What lines of the data below hold the string "schematic"? Copy each one out.
Content starts
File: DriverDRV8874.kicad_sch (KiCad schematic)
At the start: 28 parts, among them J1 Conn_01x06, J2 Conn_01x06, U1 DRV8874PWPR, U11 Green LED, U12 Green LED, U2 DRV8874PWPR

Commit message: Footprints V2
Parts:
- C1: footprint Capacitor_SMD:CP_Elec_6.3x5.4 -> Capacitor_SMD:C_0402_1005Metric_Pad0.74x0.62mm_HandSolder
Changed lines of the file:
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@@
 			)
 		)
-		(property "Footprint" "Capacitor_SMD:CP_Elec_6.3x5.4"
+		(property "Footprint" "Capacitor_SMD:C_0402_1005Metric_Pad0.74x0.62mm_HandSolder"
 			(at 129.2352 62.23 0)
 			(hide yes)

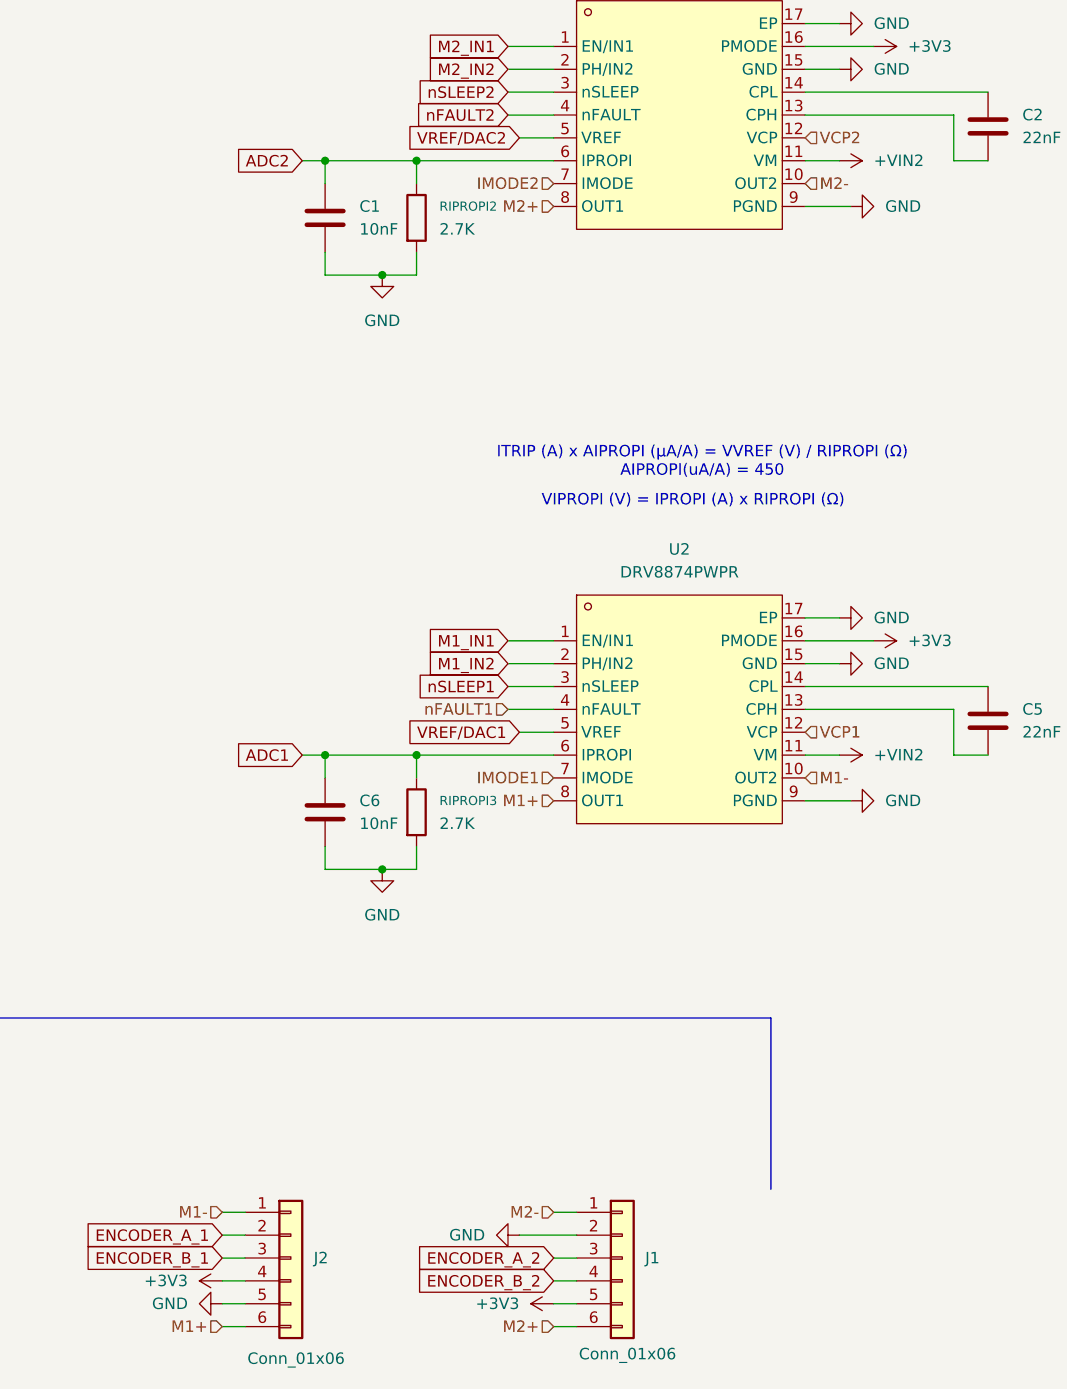
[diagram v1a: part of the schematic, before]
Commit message: Actualización de nets
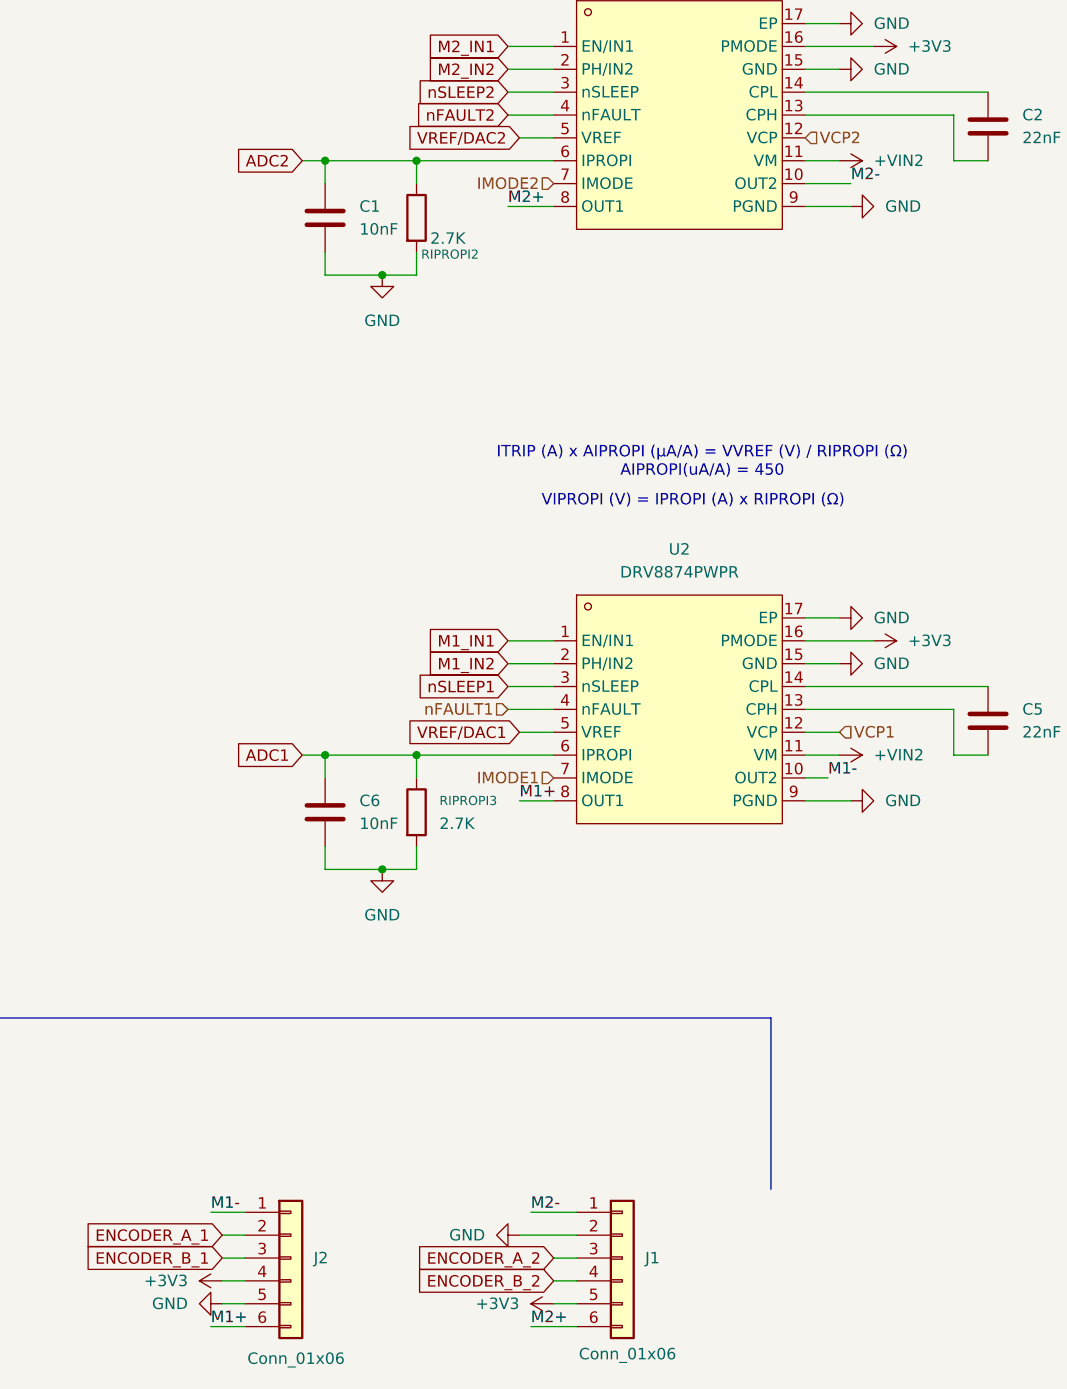
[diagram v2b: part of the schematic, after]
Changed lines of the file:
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@@
 	(wire
 		(pts
+			(xy 151.13 168.91) (xy 156.21 168.91)
+		)
+		(stroke
+			(width 0)
+			(type default)
+		)
+	)
+	(wire
+		(pts
 			(xy 148.59 39.37) (xy 153.67 39.37)
 		)
@@
 	(wire
 		(pts
+			(xy 186.69 54.61) (xy 181.61 54.61)
+		)
+		(stroke
+			(width 0)
+			(type default)
+		)
+	)
+	(wire
+		(pts
 			(xy 181.61 105.41) (xy 189.23 105.41)
 		)
@@
 	(wire
 		(pts
-			(xy 153.67 181.61) (xy 156.21 181.61)
+			(xy 151.13 181.61) (xy 156.21 181.61)
 		)
 		(stroke
@@
 		)
 	)
+	(wire
+		(pts
+			(xy 148.59 57.15) (xy 153.67 57.15)
+		)
+		(stroke
+			(width 0)
+			(type default)
+		)
+	)
 	(polyline
 		(pts
@@
 	(wire
 		(pts
+			(xy 149.86 123.19) (xy 153.67 123.19)
+		)
+		(stroke
+			(width 0)
+			(type default)
+		)
+	)
+	(wire
+		(pts
 			(xy 262.89 29.21) (xy 262.89 35.56)
 		)
@@
 	(wire
 		(pts
-			(xy 138.43 64.77) (xy 138.43 62.23)
+			(xy 184.15 120.65) (xy 181.61 120.65)
 		)
 		(stroke
@@
 	(wire
 		(pts
-			(xy 153.67 168.91) (xy 156.21 168.91)
+			(xy 138.43 64.77) (xy 138.43 62.23)
 		)
 		(stroke
@@
 	(wire
 		(pts
+			(xy 185.42 115.57) (xy 181.61 115.57)
+		)
+		(stroke
+			(width 0)
+			(type default)
+		)
+	)
+	(wire
+		(pts
 			(xy 181.61 44.45) (xy 201.93 44.45)
 		)
@@
 	(wire
 		(pts
-			(xy 116.84 168.91) (xy 119.38 168.91)
+			(xy 115.57 168.91) (xy 119.38 168.91)
 		)
 		(stroke
@@
 	(wire
 		(pts
-			(xy 116.84 181.61) (xy 119.38 181.61)
+			(xy 115.57 181.61) (xy 119.38 181.61)
 		)
 		(stroke
@@
 		)
 	)
+	(label "M1+"
+		(at 149.86 123.19 0)
+		(effects
+			(font
+				(size 1.27 1.27)
+			)
+			(justify left bottom)
+		)
+	)
+	(label "M1-"
+		(at 115.57 168.91 0)
+		(effects
+			(font
+				(size 1.27 1.27)
+			)
+			(justify left bottom)
+		)
+	)
+	(label "M2-"
+		(at 151.13 168.91 0)
+		(effects
+			(font
+				(size 1.27 1.27)
+			)
+			(justify left bottom)
+		)
+	)
+	(label "M1+"
+		(at 115.57 181.61 0)
+		(effects
+			(font
+				(size 1.27 1.27)
+			)
+			(justify left bottom)
+		)
+	)
+	(label "M1-"
+		(at 184.15 120.65 0)
+		(effects
+			(font
+				(size 1.27 1.27)
+			)
+			(justify left bottom)
+		)
+	)
+	(label "M2+"
+		(at 151.13 181.61 0)
+		(effects
+			(font
+				(size 1.27 1.27)
+			)
+			(justify left bottom)
+		)
+	)
+	(label "M2+"
+		(at 148.59 57.15 0)
+		(effects
+			(font
+				(size 1.27 1.27)
+			)
+			(justify left bottom)
+		)
+	)
+	(label "M2-"
+		(at 186.69 54.61 0)
+		(effects
+			(font
+				(size 1.27 1.27)
+			)
+			(justify left bottom)
+		)
+	)
 	(global_label "ADC1"
 		(shape input)
@@
 		)
 	)
-	(hierarchical_label "M2-"
-		(shape input)
-		(at 153.67 168.91 180)
-		(effects
-			(font
-				(size 1.27 1.27)
-			)
-			(justify right)
-		)
-	)
-	(hierarchical_label "M2+"
-		(shape input)
-		(at 153.67 57.15 180)
-		(effects
-			(font
-				(size 1.27 1.27)
-			)
-			(justify right)
-		)
-	)
 	(hierarchical_label "nFAULT2"
 		(shape input)
@@
 	(hierarchical_label "VCP1"
 		(shape input)
-		(at 181.61 115.57 0)
+		(at 185.42 115.57 0)
 		(effects
 			(font
@@
 		)
 	)
-	(hierarchical_label "M2+"
-		(shape input)
-		(at 153.67 181.61 180)
-		(effects
-			(font
-				(size 1.27 1.27)
-			)
-			(justify right)
-		)
-	)
-	(hierarchical_label "M2-"
-		(shape input)
-		(at 181.61 54.61 0)
-		(effects
-			(font
-				(size 1.27 1.27)
-			)
-			(justify left)
-		)
-	)
 	(hierarchical_label "IMODE1"
 		(shape input)
@@
 		)
 	)
-	(hierarchical_label "M1+"
-		(shape input)
-		(at 116.84 181.61 180)
-		(effects
-			(font
-				(size 1.27 1.27)
-			)
-			(justify right)
-		)
-	)
-	(hierarchical_label "M1-"
-		(shape input)
-		(at 181.61 120.65 0)
-		(effects
-			(font
-				(size 1.27 1.27)
-			)
-			(justify left)
-		)
-	)
 	(hierarchical_label "VCP2"
 		(shape input)
@@
 		)
 	)
-	(hierarchical_label "M1-"
-		(shape input)
-		(at 116.84 168.91 180)
-		(effects
-			(font
-				(size 1.27 1.27)
-			)
-			(justify right)
-		)
-	)
 	(hierarchical_label "VCP1"
 		(shape input)
@@
 		)
 	)
-	(hierarchical_label "M1+"
-		(shape input)
-		(at 153.67 123.19 180)
-		(effects
-			(font
-				(size 1.27 1.27)
-			)
-			(justify right)
-		)
-	)
 	(symbol
 		(lib_id "power:+5V")
@@
 		(in_pos_files yes)
 		(dnp no)
-		(fields_autoplaced yes)
 		(property "Reference" "RIPROPI2"
-			(at 140.97 57.1499 0)
+			(at 138.938 62.484 0)
 			(show_name no)
 			(do_not_autoplace no)
@@
 		)
 		(property "Value" "2.7K"
-			(at 140.97 59.6899 0)
+			(at 139.954 60.706 0)
 			(show_name no)
 			(do_not_autoplace no)

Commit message: Cantidad de errores en la PCB: 29
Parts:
- C33, C34, C35, C36: footprint easyeda2kicad:C0402 -> ARLISS-footprints:C0402
- D3: footprint easyeda2kicad:SMB_L4.3-W3.6-LS5.3-RD -> ARLISS-footprints:SMB_L4.3-W3.6-LS5.3-RD
- U1, U2: footprint easyeda2kicad:HTSSOP-16_L5.0-W4.4-P0.65-LS6.4-BL-EP -> ARLISS-footprints:HTSSOP-16_L5.0-W4.4-P0.65-LS6.4-BL-EP
- U12: footprint easyeda2kicad:LED0603-FD -> ARLISS-footprints:LED0603-FD
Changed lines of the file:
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@@
 			)
 		)
-		(property "Footprint" "easyeda2kicad:SMB_L4.3-W3.6-LS5.3-RD"
+		(property "Footprint" "ARLISS-footprints:SMB_L4.3-W3.6-LS5.3-RD"
 			(at 217.17 69.85 0)
 			(hide yes)
@@
 			)
 		)
-		(property "Footprint" "easyeda2kicad:HTSSOP-16_L5.0-W4.4-P0.65-LS6.4-BL-EP"
+		(property "Footprint" "ARLISS-footprints:HTSSOP-16_L5.0-W4.4-P0.65-LS6.4-BL-EP"
 			(at 167.64 64.77 0)
 			(hide yes)
@@
 			)
 		)
-		(property "Footprint" "easyeda2kicad:LED0603-FD"
+		(property "Footprint" "ARLISS-footprints:LED0603-FD"
 			(at 214.63 38.1 0)
 			(hide yes)
@@
 			)
 		)
-		(property "Footprint" "easyeda2kicad:C0402"
+		(property "Footprint" "ARLISS-footprints:C0402"
 			(at 267.97 71.12 0)
 			(hide yes)
@@
 			)
 		)
-		(property "Footprint" "easyeda2kicad:C0402"
+		(property "Footprint" "ARLISS-footprints:C0402"
 			(at 265.43 143.51 0)
 			(hide yes)
@@
 			)
 		)
-		(property "Footprint" "easyeda2kicad:C0402"
+		(property "Footprint" "ARLISS-footprints:C0402"
 			(at 252.73 143.51 0)
 			(hide yes)
@@
 			)
 		)
-		(property "Footprint" "easyeda2kicad:C0402"
+		(property "Footprint" "ARLISS-footprints:C0402"
 			(at 255.27 71.12 0)
 			(hide yes)
@@
 			)
 		)
-		(property "Footprint" "easyeda2kicad:HTSSOP-16_L5.0-W4.4-P0.65-LS6.4-BL-EP"
+		(property "Footprint" "ARLISS-footprints:HTSSOP-16_L5.0-W4.4-P0.65-LS6.4-BL-EP"
 			(at 167.64 130.81 0)
 			(hide yes)

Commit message: Cantidad de errores de la placa: 05
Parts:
- C3, C4: footprint easyeda2kicad:CAP-SMD_BD6.3-L6.6-W6.6-FD -> ARLISS-footprints:CAP-SMD_BD6.3-L6.6-W6.6-FD
- D6: footprint easyeda2kicad:SMB_L4.3-W3.6-LS5.3-RD -> ARLISS-footprints:SMB_L4.3-W3.6-LS5.3-RD
- U11: footprint easyeda2kicad:LED0603-FD -> ARLISS-footprints:LED0603-FD
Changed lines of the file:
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@@
 			)
 		)
-		(property "Footprint" "easyeda2kicad:LED0603-FD"
+		(property "Footprint" "ARLISS-footprints:LED0603-FD"
 			(at 231.14 111.76 0)
 			(hide yes)
@@
 			)
 		)
-		(property "Footprint" "easyeda2kicad:SMB_L4.3-W3.6-LS5.3-RD"
+		(property "Footprint" "ARLISS-footprints:SMB_L4.3-W3.6-LS5.3-RD"
 			(at 214.63 142.24 0)
 			(hide yes)
@@
 			)
 		)
-		(property "Footprint" "easyeda2kicad:CAP-SMD_BD6.3-L6.6-W6.6-FD"
+		(property "Footprint" "ARLISS-footprints:CAP-SMD_BD6.3-L6.6-W6.6-FD"
 			(at 220.98 152.4 0)
 			(hide yes)
@@
 			)
 		)
-		(property "Footprint" "easyeda2kicad:CAP-SMD_BD6.3-L6.6-W6.6-FD"
+		(property "Footprint" "ARLISS-footprints:CAP-SMD_BD6.3-L6.6-W6.6-FD"
 			(at 226.06 80.01 0)
 			(hide yes)

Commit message: Cantidad de errores en la placa: 04
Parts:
- JP2, JP3: footprint (none) -> Jumper:SolderJumper-2_P1.3mm_Open_TrianglePad1.0x1.5mm
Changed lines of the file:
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@@
 			)
 		)
-		(property "Footprint" ""
+		(property "Footprint" "Jumper:SolderJumper-2_P1.3mm_Open_TrianglePad1.0x1.5mm"
 			(at 238.76 123.19 0)
 			(hide yes)
@@
 			)
 		)
-		(property "Footprint" ""
+		(property "Footprint" "Jumper:SolderJumper-2_P1.3mm_Open_TrianglePad1.0x1.5mm"
 			(at 222.25 49.53 0)
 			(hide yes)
Content ends
**TASK RESPONSE**:
File: DriverDRV8874.kicad_sch (KiCad schematic)
[diagram v1a: part of the schematic, before]
[diagram v2b: part of the schematic, after]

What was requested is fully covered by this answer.